С тяжелой головой слоняясь по комнате, не зная, ехать ли дальше или отлежаться еще день, Корсаков приподнял нехитрый подсвечник и обнаружил под ним исписанные листки. Позевывая, уж собираясь снова придавить их, машинально отметил блеклость чернил и желтизну бумаги. Это удивило, он взял их в руки.
— Накрывать, ваше благородие барин? Почитай, полдни не емши, — просунул в дверь голову Васька.
За ним в щель проскользнул казак-хозяин.
— Прощение просим… — старик задергал глазами, застыл на листках.
Корсакову стало неловко, он увидел промелькнувшее в глазах старика нетерпение выцарапать их из чужих рук. Но и, получив свое, он не уходил, мялся у порога. Припомнив вчерашний намек атамана, Корсаков надумал рассеяться беседой, забросил пробный камень:
— Писано-то давно. Вот и бумага выгорела?
— Что бумага, — нехотя и одновременно со скрытой готовностью отозвался Родион. — Многое от той поры пожухло… А ей что сделается? Лежала и еще лежать будет.

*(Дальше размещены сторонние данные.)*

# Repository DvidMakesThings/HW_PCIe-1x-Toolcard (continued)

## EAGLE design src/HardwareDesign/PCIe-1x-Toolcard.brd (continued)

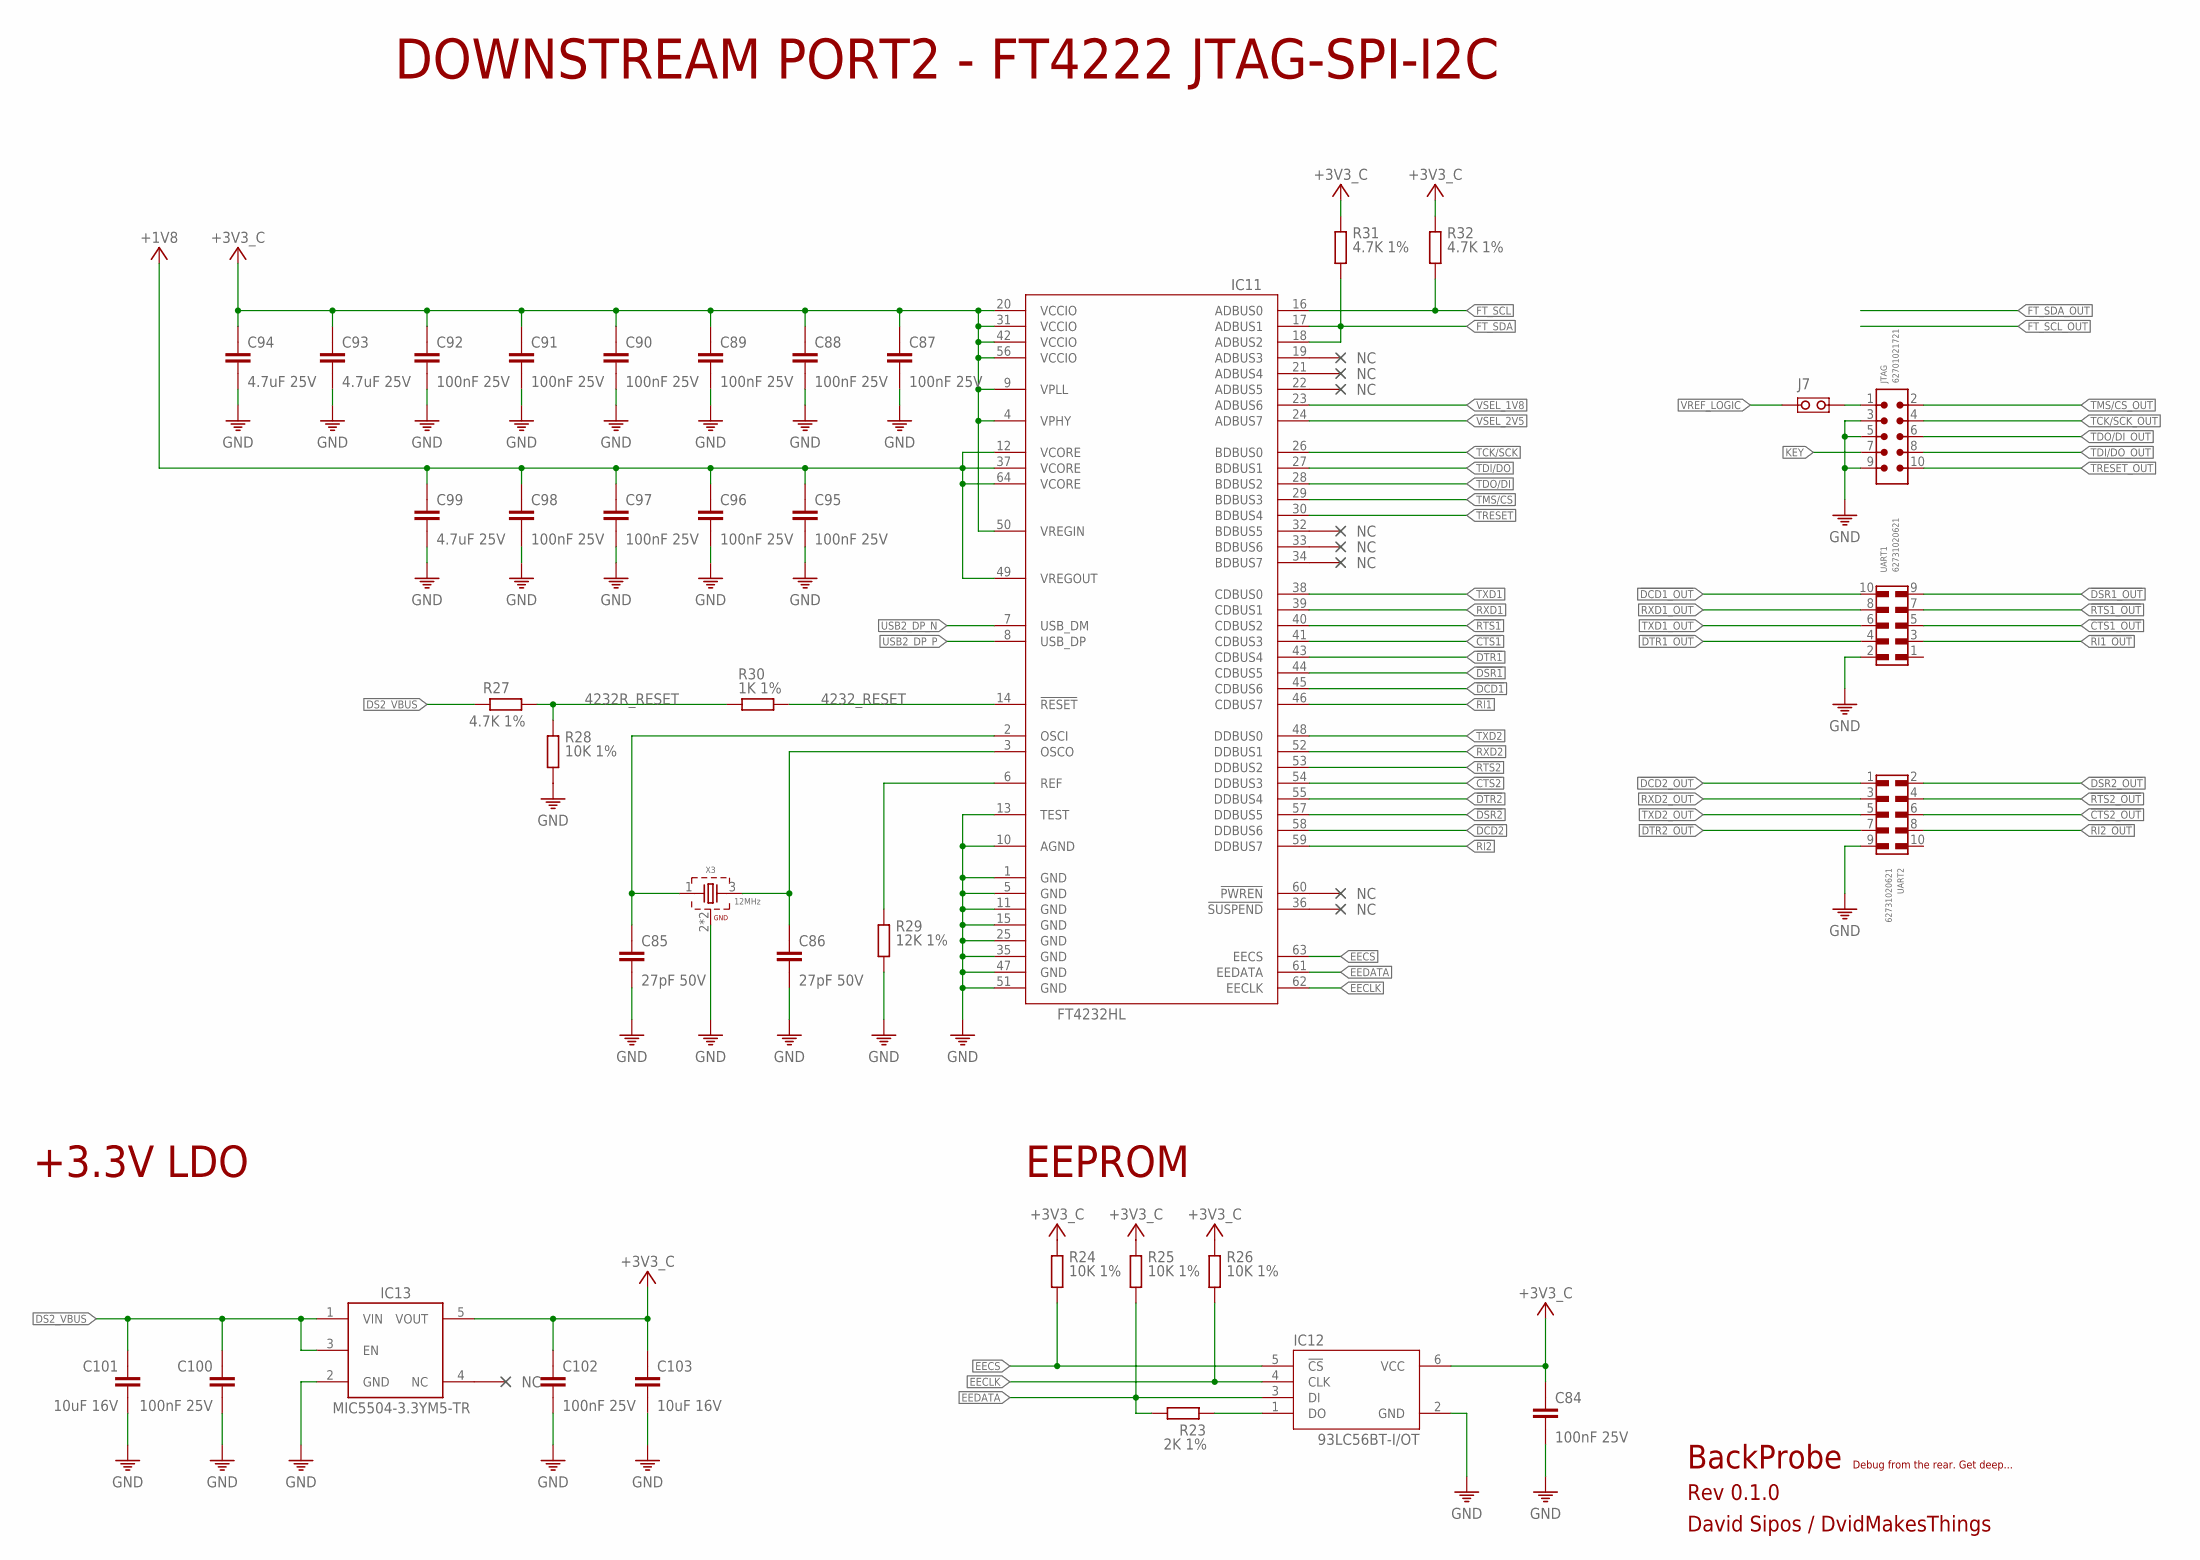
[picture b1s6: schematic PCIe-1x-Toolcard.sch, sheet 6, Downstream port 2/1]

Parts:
C84: 100nF 25V; 0402
C85, C86: 27pF 50V; 0201
C87, C88, C89, C90, C91, C92, C95, C96, C97, C98, C100, C102: 100nF 25V; 0201
C93, C94, C99: 4.7uF 25V; 0402
C101, C103: 10uF 16V; 0603
IC11: FT4232HL; LQFP64-10X10
IC12: 93LC56BT-I/OT; SOT95P280X145-6N
IC13: MIC5504-3.3YM5; SOT23-5
J7: JUMPER-NO; J-0402-NO
JTAG: 62701021721
R23: 2K 1%; 0201
R24, R25, R26, R28: 10K 1%; 0201
R27, R31, R32: 4.7K 1%; 0201
R29: 12K 1%; 0201
R30: 1K 1%; 0201
UART1, UART2: 62731020621
X3: 12MHz; WE-XTAL_CFPX-180

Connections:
4232R_RESET: R27.2, R28.1, R30.1
4232_RESET: IC11.14 (!RESET), R30.2
!CTS1: IC11.41 (CDBUS3); also elsewhere on the board
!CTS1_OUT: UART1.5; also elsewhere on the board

— Уж не об хане ли записка? — глупо пошутил Корсаков, чувствуя, что не умеет говорить с этим простым и вольным народом. — Я как раз к его особе приставлен.
— Может, и об нем — не ведаю. Грамоты не сподобился…
— Дозволь, я прочитаю?
— По такой малости утруждаться станете… В крепости грамотеи есть, чать.
— Но ведь не хочется, чтобы они, да? — Корсаков ощутил верность догадки.
— Прошла жизнь… а не примирила. Лучше не ворохать… — уговаривал себя старик. — Впрочем, читайте.
Но читать, собственно, было нечего. Это оказались скорые записи какого-то землемера. И лишь сбоку, уже подъедаемое страничным обтрепом, ротмистр прочел: «Анастасия».
— Настя… — эхом повторил казак. Уронив голову, спрятав под распластавшуюся по груди бороду руки, он, казалось, заледенел — так далек был взгляд его сухих глаз. Корявые костяшки пальцев вцепились в большой нательный крест. — Поломалась жизнь… И рядом жила, не мог начать заново, а померла, и того хуже. С мертвыми не сладишь.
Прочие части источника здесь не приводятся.